No governor has done more, but it wasn’t enough. Your promise of 3.5 million new housing units by 2025 proved empty. Some cities stepped up with piecemeal solutions, but thousands of humans continued to live in misery.
Homelessness is a catastrophic humanitarian failure. Yet necessary innovations like tent villages, smaller forms of shelter and increased density have not fit everyone’s lofty conception of housing. We have not wanted to see people sleeping in the cold, but some of us have opposed all actionable solutions.
Just look at Sacramento, where city councilmembers like Angelique Ashby and Larry Carr have decried homelessness while resisting plans to provide 100 new shelter beds in each district. Look at Sacramento County, which has evicted homeless people from empty lots while failing to provide alternatives.
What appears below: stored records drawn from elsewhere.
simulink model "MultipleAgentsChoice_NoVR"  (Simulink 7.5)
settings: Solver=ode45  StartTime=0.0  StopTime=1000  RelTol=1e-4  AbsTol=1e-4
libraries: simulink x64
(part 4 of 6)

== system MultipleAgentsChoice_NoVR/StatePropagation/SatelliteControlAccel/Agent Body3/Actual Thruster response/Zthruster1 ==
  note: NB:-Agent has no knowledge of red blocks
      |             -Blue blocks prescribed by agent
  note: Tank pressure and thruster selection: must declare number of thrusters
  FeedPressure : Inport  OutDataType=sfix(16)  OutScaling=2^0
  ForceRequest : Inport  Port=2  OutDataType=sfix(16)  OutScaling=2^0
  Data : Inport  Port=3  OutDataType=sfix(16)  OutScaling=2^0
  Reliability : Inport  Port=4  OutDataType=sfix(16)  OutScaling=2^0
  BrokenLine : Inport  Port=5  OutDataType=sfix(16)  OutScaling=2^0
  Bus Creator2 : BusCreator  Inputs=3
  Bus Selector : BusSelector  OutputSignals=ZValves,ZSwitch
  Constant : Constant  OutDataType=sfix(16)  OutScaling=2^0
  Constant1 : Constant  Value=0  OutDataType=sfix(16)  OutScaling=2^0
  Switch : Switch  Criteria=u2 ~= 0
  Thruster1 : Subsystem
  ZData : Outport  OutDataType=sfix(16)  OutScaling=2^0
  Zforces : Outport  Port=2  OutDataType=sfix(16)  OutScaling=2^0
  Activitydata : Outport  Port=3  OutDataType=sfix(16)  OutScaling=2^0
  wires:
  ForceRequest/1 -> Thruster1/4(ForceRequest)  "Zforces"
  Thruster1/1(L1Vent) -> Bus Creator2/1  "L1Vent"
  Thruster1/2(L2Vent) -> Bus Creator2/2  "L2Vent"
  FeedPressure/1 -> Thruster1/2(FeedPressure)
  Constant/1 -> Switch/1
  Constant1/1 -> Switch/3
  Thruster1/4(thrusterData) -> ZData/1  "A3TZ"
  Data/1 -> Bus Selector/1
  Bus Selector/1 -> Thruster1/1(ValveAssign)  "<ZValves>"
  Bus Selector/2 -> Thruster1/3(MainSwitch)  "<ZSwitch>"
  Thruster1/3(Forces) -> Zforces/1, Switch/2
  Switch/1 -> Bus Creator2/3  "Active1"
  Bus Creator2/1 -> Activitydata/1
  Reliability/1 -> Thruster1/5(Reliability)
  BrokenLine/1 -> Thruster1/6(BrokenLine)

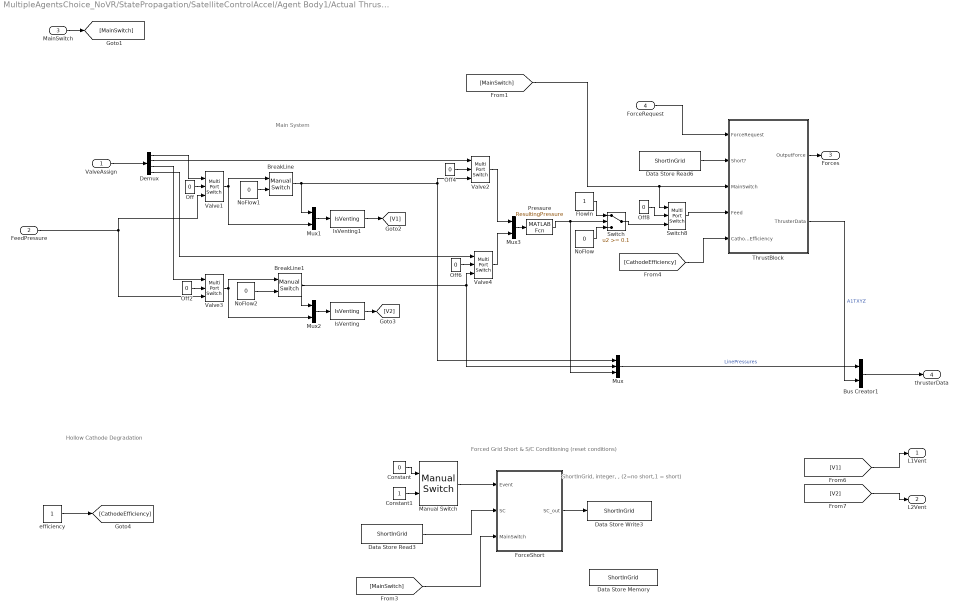
== system MultipleAgentsChoice_NoVR/StatePropagation/SatelliteControlAccel/Agent Body1/Actual Thruster response/XYZthruster/Thruster1 ==
  note: Forced Grid Short & S/C Conditioning (reset conditions)
  note: ShortInGrid, integer, , (2=no short,1 = short)
  note: Hollow Cathode Degradation
  note: Main System
  ValveAssign : Inport  OutDataType=sfix(16)  OutScaling=2^0
  FeedPressure : Inport  Port=2  OutDataType=sfix(16)  OutScaling=2^0
  MainSwitch : Inport  Port=3  OutDataType=sfix(16)  OutScaling=2^0
  ForceRequest : Inport  Port=4  OutDataType=sfix(16)  OutScaling=2^0
  BreakLine : simulink/Signal Routing/Manual Switch  SystemSampleTime=-1  sw=1  action=0  varsize=off
  BreakLine1 : simulink/Signal Routing/Manual Switch  SystemSampleTime=-1  sw=1  action=0  varsize=off
  Bus Creator1 : BusCreator  Inputs=2
  Constant : Constant  Value=0  OutDataType=sfix(16)  OutScaling=2^0
  Constant1 : Constant  OutDataType=sfix(16)  OutScaling=2^0
  Data Store Memory : DataStoreMemory  DataStoreName=ShortInGrid  ReadBeforeWriteMsg=warning  WriteAfterWriteMsg=warning  WriteAfterReadMsg=warning  InitialValue=2  OutDataType=sfix(16)  OutScaling=2^0
  Data Store Read3 : DataStoreRead  DataStoreName=ShortInGrid  SampleTime=0
  Data Store Read6 : DataStoreRead  DataStoreName=ShortInGrid  SampleTime=0
  Data Store Write3 : DataStoreWrite  DataStoreName=ShortInGrid  SampleTime=-1
  Demux : Demux
  FlowIn : Constant  OutDataType=sfix(16)  OutScaling=2^0
  ForceShort : Subsystem
  IsVenting : MATLABFcn  MATLABFcn=IsVenting  OutputDimensions=1
  IsVenting1 : MATLABFcn  MATLABFcn=IsVenting  OutputDimensions=1
  Manual Switch : simulink/Signal Routing/Manual Switch  SystemSampleTime=-1  sw=1  action=0  varsize=off
  Mux : Mux  Inputs=3
  Mux1 : Mux  Inputs=2
  Mux2 : Mux  Inputs=2
  Mux3 : Mux  Inputs=2
  NoFlow : Constant  Value=0  OutDataType=sfix(16)  OutScaling=2^0
  NoFlow1 : Constant  Value=0  OutDataType=sfix(16)  OutScaling=2^0
  NoFlow2 : Constant  Value=0  OutDataType=sfix(16)  OutScaling=2^0
  Off{,2,4,6,8} (5 alike) : Constant  Value=0  OutDataType=sfix(16)  OutScaling=2^0
  Pressure : MATLABFcn  MATLABFcn=ResultingPressure
  Switch : Switch  Threshold=0.1
  Switch8 : MultiPortSwitch  Inputs=2  zeroidx=off
  ThrustBlock : Subsystem
  Valve{1..4} (4 alike) : MultiPortSwitch  Inputs=2  zeroidx=off
  efficiency : Constant  OutDataType=sfix(16)  OutScaling=2^0
  L1Vent : Outport  OutDataType=sfix(16)  OutScaling=2^0
  L2Vent : Outport  Port=2  OutDataType=sfix(16)  OutScaling=2^0
  Forces : Outport  Port=3  OutDataType=sfix(16)  OutScaling=2^0
  thrusterData : Outport  Port=4  OutDataType=sfix(16)  OutScaling=2^0
  wires:
  ForceShort/1(SC_out) -> Data Store Write3/1
  Constant/1 -> Manual Switch/1
  Constant1/1 -> Manual Switch/2
  Manual Switch/1 -> ForceShort/1(Event)
  Data Store Read3/1 -> ForceShort/2(SC)
  [MainSwitch] -> ForceShort/3(MainSwitch)
  efficiency/1 -> [CathodeEfficiency]
  Valve1/1 -> BreakLine/1, Mux1/2
  Valve2/1 -> Mux3/1
  Mux3/1 -> Pressure/1
  BreakLine/1 -> Mux1/1, Valve2/3, Mux/1
  FlowIn/1 -> Switch/1
  NoFlow/1 -> Switch/3
  Switch8/1 -> ThrustBlock/4(Feed)
  Data Store Read6/1 -> ThrustBlock/2(Short?)
  ValveAssign/1 -> Demux/1
  Demux/1 -> Valve1/1
  Demux/2 -> Valve2/1
  Demux/3 -> Valve3/1
  Demux/4 -> Valve4/1
  ThrustBlock/2(ThrusterData) -> Bus Creator1/2  "A1TXYZ"
  ThrustBlock/1(OutputForce) -> Forces/1
  NoFlow1/1 -> BreakLine/2
  Off/1 -> Valve1/2
  Off4/1 -> Valve2/2
  Off2/1 -> Valve3/2
  Off6/1 -> Valve4/2
  Off8/1 -> Switch8/2
  Switch/1 -> Switch8/3
  Mux/1 -> Bus Creator1/1  "LinePressures"
  NoFlow2/1 -> BreakLine1/2
  Valve3/1 -> BreakLine1/1, Mux2/2
  BreakLine1/1 -> Mux2/1, Valve4/3, Mux/2
  [CathodeEfficiency] -> ThrustBlock/5(CathodeEfficiency)
  ForceRequest/1 -> ThrustBlock/1(ForceRequest)
  Bus Creator1/1 -> thrusterData/1
  Mux1/1 -> IsVenting1/1
  Mux2/1 -> IsVenting/1
  Pressure/1 -> Switch/2, Mux/3
  IsVenting1/1 -> [V1]
  IsVenting/1 -> [V2]
  FeedPressure/1 -> Valve1/3, Valve3/3
  MainSwitch/1 -> [MainSwitch]
  Valve4/1 -> Mux3/2
  [MainSwitch] -> ThrustBlock/3(MainSwitch), Switch8/1
  [V1] -> L1Vent/1
  [V2] -> L2Vent/1

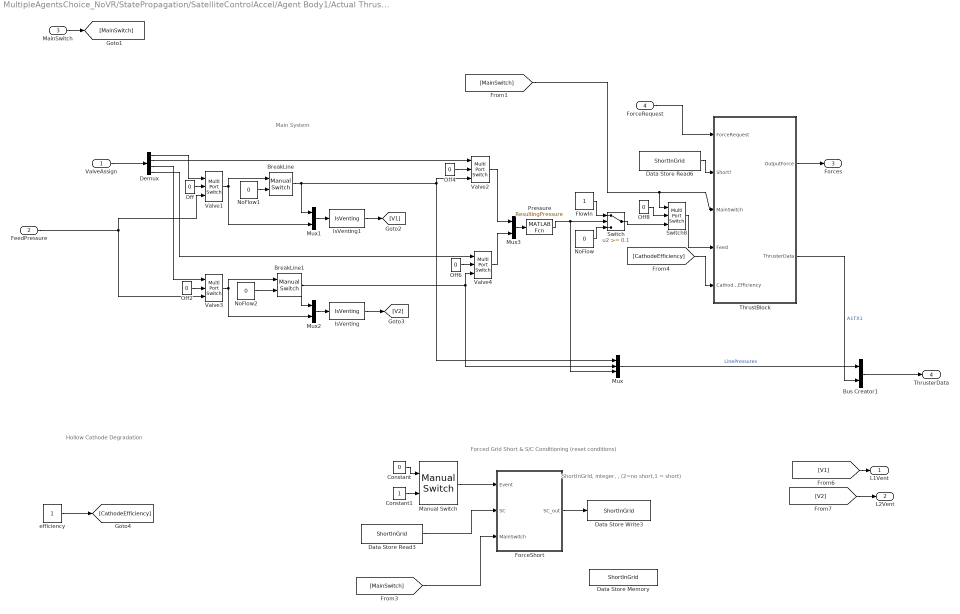
== system MultipleAgentsChoice_NoVR/StatePropagation/SatelliteControlAccel/Agent Body1/Actual Thruster response/Xthruster/Thruster1 ==
  note: Main System
  note: Hollow Cathode Degradation
  note: ShortInGrid, integer, , (2=no short,1 = short)
  note: Forced Grid Short & S/C Conditioning (reset conditions)
  ValveAssign : Inport  OutDataType=sfix(16)  OutScaling=2^0
  FeedPressure : Inport  Port=2  OutDataType=sfix(16)  OutScaling=2^0
  MainSwitch : Inport  Port=3  OutDataType=sfix(16)  OutScaling=2^0
  ForceRequest : Inport  Port=4  OutDataType=sfix(16)  OutScaling=2^0
  BreakLine : simulink/Signal Routing/Manual Switch  SystemSampleTime=-1  sw=1  action=0  varsize=off
  BreakLine1 : simulink/Signal Routing/Manual Switch  SystemSampleTime=-1  sw=1  action=0  varsize=off
  Bus Creator1 : BusCreator  Inputs=2
  Constant : Constant  Value=0  OutDataType=sfix(16)  OutScaling=2^0
  Constant1 : Constant  OutDataType=sfix(16)  OutScaling=2^0
  Data Store Memory : DataStoreMemory  DataStoreName=ShortInGrid  ReadBeforeWriteMsg=warning  WriteAfterWriteMsg=warning  WriteAfterReadMsg=warning  InitialValue=2  OutDataType=sfix(16)  OutScaling=2^0
  Data Store Read3 : DataStoreRead  DataStoreName=ShortInGrid  SampleTime=0
  Data Store Read6 : DataStoreRead  DataStoreName=ShortInGrid  SampleTime=0
  Data Store Write3 : DataStoreWrite  DataStoreName=ShortInGrid  SampleTime=-1
  Demux : Demux
  FlowIn : Constant  OutDataType=sfix(16)  OutScaling=2^0
  ForceShort : Subsystem
  IsVenting : MATLABFcn  MATLABFcn=IsVenting  OutputDimensions=1
  IsVenting1 : MATLABFcn  MATLABFcn=IsVenting  OutputDimensions=1
  Manual Switch : simulink/Signal Routing/Manual Switch  SystemSampleTime=-1  sw=1  action=0  varsize=off
  Mux : Mux  Inputs=3
  Mux1 : Mux  Inputs=2
  Mux2 : Mux  Inputs=2
  Mux3 : Mux  Inputs=2
  NoFlow : Constant  Value=0  OutDataType=sfix(16)  OutScaling=2^0
  NoFlow1 : Constant  Value=0  OutDataType=sfix(16)  OutScaling=2^0
  NoFlow2 : Constant  Value=0  OutDataType=sfix(16)  OutScaling=2^0
  Off{,2,4,6,8} (5 alike) : Constant  Value=0  OutDataType=sfix(16)  OutScaling=2^0
  Pressure : MATLABFcn  MATLABFcn=ResultingPressure
  Switch : Switch  Threshold=0.1
  Switch8 : MultiPortSwitch  Inputs=2  zeroidx=off
  ThrustBlock : Subsystem
  Valve{1..4} (4 alike) : MultiPortSwitch  Inputs=2  zeroidx=off
  efficiency : Constant  OutDataType=sfix(16)  OutScaling=2^0
  L1Vent : Outport  OutDataType=sfix(16)  OutScaling=2^0
  L2Vent : Outport  Port=2  OutDataType=sfix(16)  OutScaling=2^0
  Forces : Outport  Port=3  OutDataType=sfix(16)  OutScaling=2^0
  ThrusterData : Outport  Port=4  OutDataType=sfix(16)  OutScaling=2^0
  wires:
  [MainSwitch] -> Switch8/1, ThrustBlock/3(MainSwitch)
  Valve4/1 -> Mux3/2
  MainSwitch/1 -> [MainSwitch]
  FeedPressure/1 -> Valve3/3, Valve1/3
  IsVenting/1 -> [V2]
  IsVenting1/1 -> [V1]
  Pressure/1 -> Mux/3, Switch/2
  Mux2/1 -> IsVenting/1
  Mux1/1 -> IsVenting1/1
  Bus Creator1/1 -> ThrusterData/1
  ForceRequest/1 -> ThrustBlock/1(ForceRequest)
  [CathodeEfficiency] -> ThrustBlock/5(CathodeEfficiency)
  BreakLine1/1 -> Mux/2, Valve4/3, Mux2/1
  Valve3/1 -> Mux2/2, BreakLine1/1
  NoFlow2/1 -> BreakLine1/2
  Mux/1 -> Bus Creator1/1  "LinePressures"
  Switch/1 -> Switch8/3
  Off8/1 -> Switch8/2
  Off6/1 -> Valve4/2
  Off2/1 -> Valve3/2
  Off4/1 -> Valve2/2
  Off/1 -> Valve1/2
  NoFlow1/1 -> BreakLine/2
  ThrustBlock/1(OutputForce) -> Forces/1
  ThrustBlock/2(ThrusterData) -> Bus Creator1/2  "A1TX1"
  Demux/4 -> Valve4/1
  Demux/3 -> Valve3/1
  Demux/2 -> Valve2/1
  Demux/1 -> Valve1/1
  ValveAssign/1 -> Demux/1
  Data Store Read6/1 -> ThrustBlock/2(Short?)
  Switch8/1 -> ThrustBlock/4(Feed)
  NoFlow/1 -> Switch/3
  FlowIn/1 -> Switch/1
  BreakLine/1 -> Mux/1, Valve2/3, Mux1/1
  Mux3/1 -> Pressure/1
  Valve2/1 -> Mux3/1
  Valve1/1 -> Mux1/2, BreakLine/1
  efficiency/1 -> [CathodeEfficiency]
  [MainSwitch] -> ForceShort/3(MainSwitch)
  Data Store Read3/1 -> ForceShort/2(SC)
  Manual Switch/1 -> ForceShort/1(Event)
  Constant1/1 -> Manual Switch/2
  Constant/1 -> Manual Switch/1
  ForceShort/1(SC_out) -> Data Store Write3/1
  [V1] -> L1Vent/1
  [V2] -> L2Vent/1

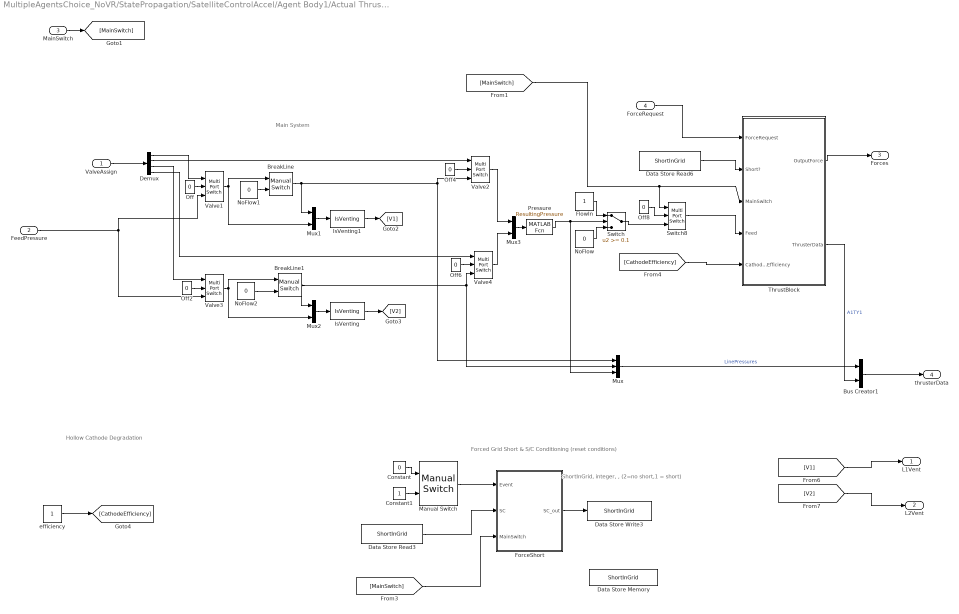
== system MultipleAgentsChoice_NoVR/StatePropagation/SatelliteControlAccel/Agent Body1/Actual Thruster response/Ythruster1/Thruster1 ==
  note: Forced Grid Short & S/C Conditioning (reset conditions)
  note: ShortInGrid, integer, , (2=no short,1 = short)
  note: Hollow Cathode Degradation
  note: Main System
  ValveAssign : Inport  OutDataType=sfix(16)  OutScaling=2^0
  FeedPressure : Inport  Port=2  OutDataType=sfix(16)  OutScaling=2^0
  MainSwitch : Inport  Port=3  OutDataType=sfix(16)  OutScaling=2^0
  ForceRequest : Inport  Port=4  OutDataType=sfix(16)  OutScaling=2^0
  BreakLine : simulink/Signal Routing/Manual Switch  SystemSampleTime=-1  sw=1  action=0  varsize=off
  BreakLine1 : simulink/Signal Routing/Manual Switch  SystemSampleTime=-1  sw=1  action=0  varsize=off
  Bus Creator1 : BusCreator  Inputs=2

Our leaders don’t want people defecating on the streets but won’t provide toilets.
This absurd stalemate was the status quo. But the coronavirus has radically shifted our reality. Now, we must stay indoors and avoid social contact. Many people now work from home. Others have lost their jobs and face an uncertain future. A January poll found that 37.5 percent of Californians “were afraid that they or a family member could become homeless.” Suddenly, these citizens must confront their worst fear. The Great Recession – a purely man-made catastrophe – caused a surge in homelessness. How many more unsheltered Californians will the coronavirus pandemic’s economic destruction create?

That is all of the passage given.